Viewed in light of this ever-present tension, the model proposed by Loukides et al. should be applauded for its contribution to the continuing project of striving to balance the conflicting desires of robust individual data privacy and broad access to linked medical and genomic datasets. As Malin puts it: “Generating data is expensive, and it’s both good science and good etiquette to reuse data. The challenge is to do it while protecting people.”

By seeking to block a significant path to re-identification (even if it is impossible to eliminate all possible re-identification scenarios) while preserving the utility of the published data, the approach put forth by Loukides et al. can provide needed comfort to researchers, institutions and participants considering the publication of linked genotype-phenotype datasets. After all, simply because data might be identified does not mean that it need be easily identifiable, and in many research settings robust privacy protection mechanisms will continue to serve a critical function.

Teri Manolio, director of the Office of Population Genomics at the NHGRI, agrees that the team’s approach shows promise. “It does a good job of trying to maximize the information shared while minimizing the risk for re-identification, recognizing that these goals are in dynamic tension and both cannot be fully met at the same time.” Encouraging words from an agency that has struggled to strike the proper balance between privacy and access when it comes to genomic data.

One Kind of Re-Identification. Whether the Loukides method will be adopted remains to be seen, and a technical analysis of the algorithm is beyond the scope of this article. Either way, while the approach described by Loukides and his team – if validated – appears promising, it is important to emphasize that this particular privacy protection mechanism addresses only one pathway of genomic data re-identification. Even if the Loukides et al. method “eliminates the threat of individual reidentification” using statistical measures applied to certain linked genotype-phenotype datasets, researchers have recognized that re-identification can occur in a variety of ways.

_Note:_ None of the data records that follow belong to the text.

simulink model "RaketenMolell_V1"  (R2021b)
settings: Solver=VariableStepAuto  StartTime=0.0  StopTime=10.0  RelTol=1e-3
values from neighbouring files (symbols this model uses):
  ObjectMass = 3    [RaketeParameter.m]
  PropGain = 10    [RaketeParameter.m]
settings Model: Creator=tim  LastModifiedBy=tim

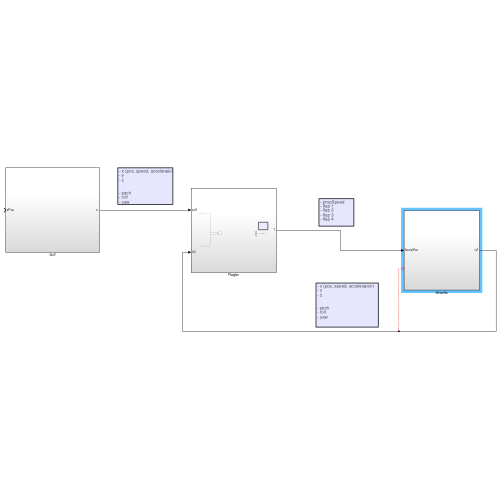
[thumbnail: Simulink's stored preview of the top-level diagram]
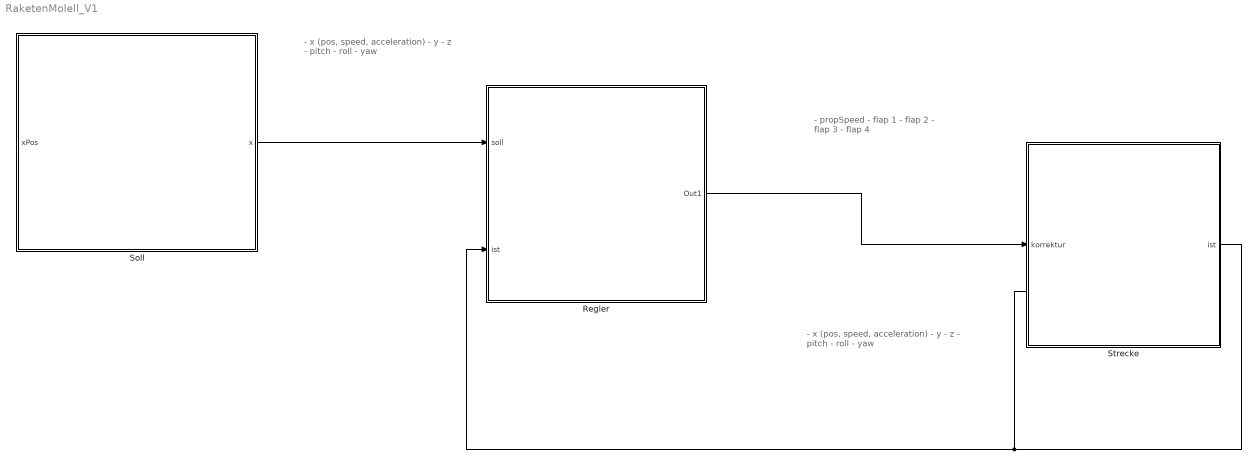
== system RaketenMolell_V1 ==
  note: - x (pos, speed, acceleration)
      | - y
      | - z
      |
      |
      | - pitch
      | - roll
      | - yaw
  note: - propSpeed
      | - flap 1
      | - flap 2
      | - flap 3
      | - flap 4
  note: - x (pos, speed, acceleration)
      | - y
      | - z
      |
      |
      | - pitch
      | - roll
      | - yaw
  Regler : Subsystem
  Soll : Subsystem
  Strecke : Subsystem
  wires:
  Soll/1(x) -> Regler/1(soll)
  Strecke/1(ist) -> Regler/2(ist)
  Regler/1(Out1) -> Strecke/1(korrektur)

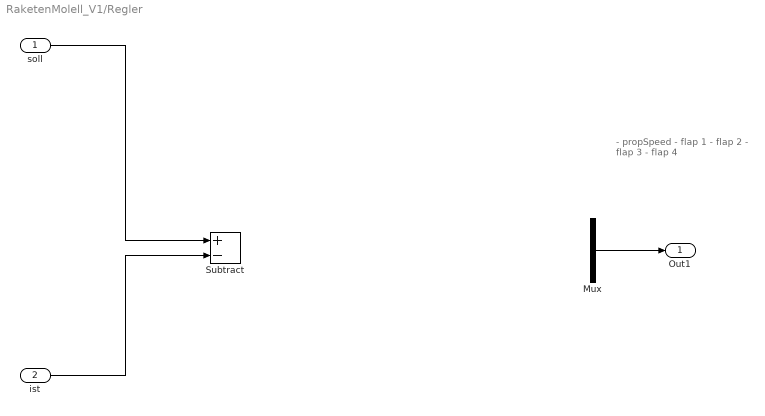
== system RaketenMolell_V1/Regler ==
  note: - propSpeed
      | - flap 1
      | - flap 2
      | - flap 3
      | - flap 4
  soll : Inport
  ist : Inport  Port=2
  Mux : Mux  Inputs=5
  Subtract : Sum  Inputs=+-
  Out1 : Outport
  wires:
  soll/1 -> Subtract/1
  ist/1 -> Subtract/2
  Mux/1 -> Out1/1

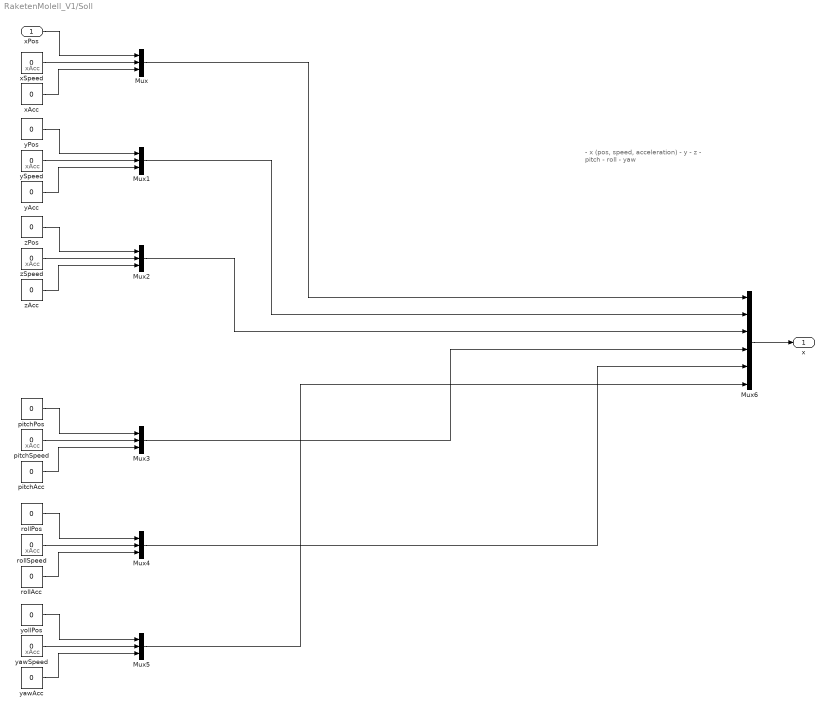
== system RaketenMolell_V1/Soll ==
  note: - x (pos, speed, acceleration)
      | - y
      | - z
      |
      |
      | - pitch
      | - roll
      | - yaw
  note: xAcc
  note: xAcc
  note: xAcc
  note: xAcc
  note: xAcc
  note: xAcc
  xPos : Inport
  Mux{,1..5} (6 alike) : Mux  Inputs=3
  Mux6 : Mux  Inputs=6
  pitchAcc : Constant  Value=0
  pitchPos : Constant  Value=0
  pitchSpeed : Constant  Value=0
  rollAcc : Constant  Value=0
  rollPos : Constant  Value=0
  rollSpeed : Constant  Value=0
  xAcc : Constant  Value=0
  xSpeed : Constant  Value=0
  yAcc : Constant  Value=0
  yPos : Constant  Value=0
  ySpeed : Constant  Value=0
  yawAcc : Constant  Value=0
  yawSpeed : Constant  Value=0
  yollPos : Constant  Value=0
  zAcc : Constant  Value=0
  zPos : Constant  Value=0
  zSpeed : Constant  Value=0
  x : Outport
  wires:
  xPos/1 -> Mux/1
  xSpeed/1 -> Mux/2
  Mux/1 -> Mux6/1
  Mux1/1 -> Mux6/2
  Mux2/1 -> Mux6/3
  xAcc/1 -> Mux/3
  yPos/1 -> Mux1/1
  ySpeed/1 -> Mux1/2
  yAcc/1 -> Mux1/3
  zPos/1 -> Mux2/1
  zSpeed/1 -> Mux2/2
  zAcc/1 -> Mux2/3
  Mux4/1 -> Mux6/5
  rollAcc/1 -> Mux4/3
  Mux5/1 -> Mux6/6
  pitchPos/1 -> Mux3/1
  Mux3/1 -> Mux6/4
  yollPos/1 -> Mux5/1
  yawAcc/1 -> Mux5/3
  yawSpeed/1 -> Mux5/2
  rollPos/1 -> Mux4/1
  rollSpeed/1 -> Mux4/2
  pitchSpeed/1 -> Mux3/2
  pitchAcc/1 -> Mux3/3
  Mux6/1 -> x/1

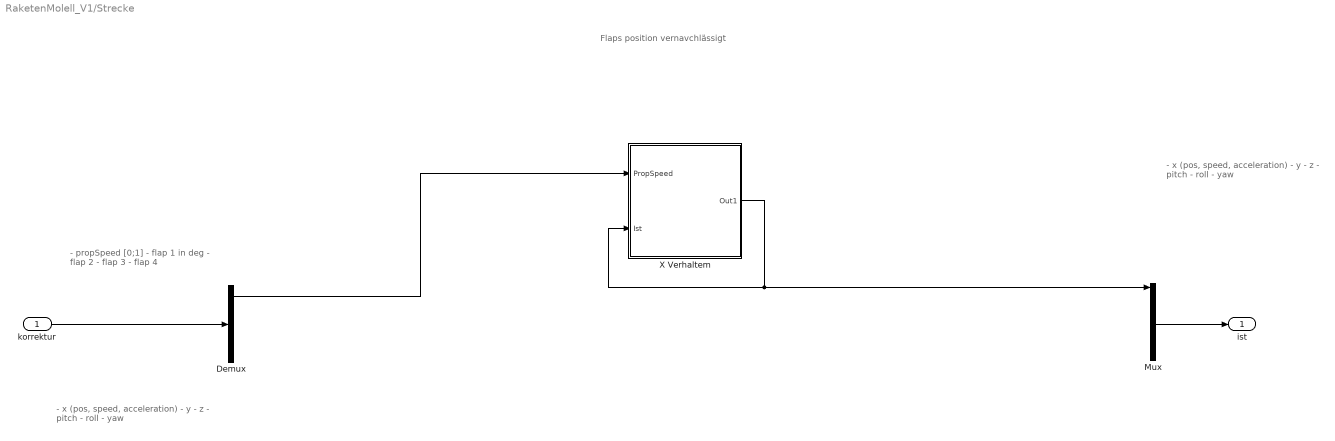
== system RaketenMolell_V1/Strecke ==
  note: Flaps position
      | vernavchlässigt
  note: - propSpeed [0;1]
      | - flap 1          in deg
      | - flap 2
      | - flap 3
      | - flap 4
  note: - x (pos, speed, acceleration)
      | - y
      | - z
      |
      |
      | - pitch
      | - roll
      | - yaw
  note: - x (pos, speed, acceleration)
      | - y
      | - z
      |
      |
      | - pitch
      | - roll
      | - yaw
  korrektur : Inport
  Demux : Demux  Outputs=5
  Mux : Mux  Inputs=6
  X Verhaltem : Subsystem
  ist : Outport
  wires:
  Demux/1 -> X Verhaltem/1(PropSpeed)
  Mux/1 -> ist/1
  X Verhaltem/1(Out1) -> Mux/1, X Verhaltem/2(Ist)
  korrektur/1 -> Demux/1

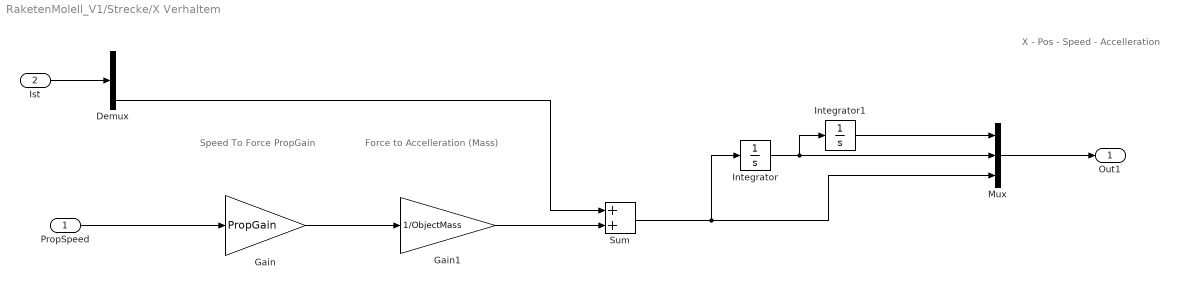
== system RaketenMolell_V1/Strecke/X Verhaltem ==
  note: Speed To Force
      | PropGain
  note: X
      | - Pos
      | - Speed
      | - Accelleration
  note: Force to Accelleration
      | (Mass)
  PropSpeed : Inport
  Ist : Inport  Port=2
  Demux : Demux  Outputs=3
  Gain : Gain  Gain=PropGain
  Gain1 : Gain  Gain=1/ObjectMass
  Integrator : Integrator
  Integrator1 : Integrator
  Mux : Mux  Inputs=3
  Sum : Sum
  Out1 : Outport
  wires:
  Mux/1 -> Out1/1
  PropSpeed/1 -> Gain/1
  Gain/1 -> Gain1/1
  Gain1/1 -> Sum/2
  Ist/1 -> Demux/1
  Demux/3 -> Sum/1
  Sum/1 -> Integrator/1, Mux/3
  Integrator/1 -> Integrator1/1, Mux/2
  Integrator1/1 -> Mux/1

As George Church pointed out, one of the most prevalent forms of re-identification occurs through accidental or intentional releases of data that were never intended to be public, such as the data breaches tracked by the Privacy Rights Clearinghouse. Such unintended data releases could, at least in theory, compromise otherwise secure datasets. Re-identification is thus unlikely to be a risk that is ever susceptible to complete elimination. (For a more complete discussion of this issue, see our previous post, “Re-Identification and its Discontents.”)

The Genomic Privacy Two-Step. Loukides and his colleagues recognize that they are providing only a partial solution, and note that genomic privacy tools such as theirs are only effective when applied in an appropriate fashion. As the authors point out, “as is true of all data anonymization methods, our approach leaves the decision of selecting a suitable privacy protection level…to data owners or policy officials.”

Furthermore, striking a sensible balance between privacy and access is only the first step in developing a responsible approach to privacy in genomic research. Researchers and institutions must also be sure to communicate the relevant trade-offs to those individuals whose data will be used in the research, to ensure that they understand – and agree with – whatever risk of identification has been deemed appropriate to the proposed research.

Tackling both prongs of genomic privacy – the risk of re-identification and accurate communication of that risk – is necessary to ensure that the next generation of genomic research is conducted in a way that is technically robust, as well as ethically, legally and socially responsible.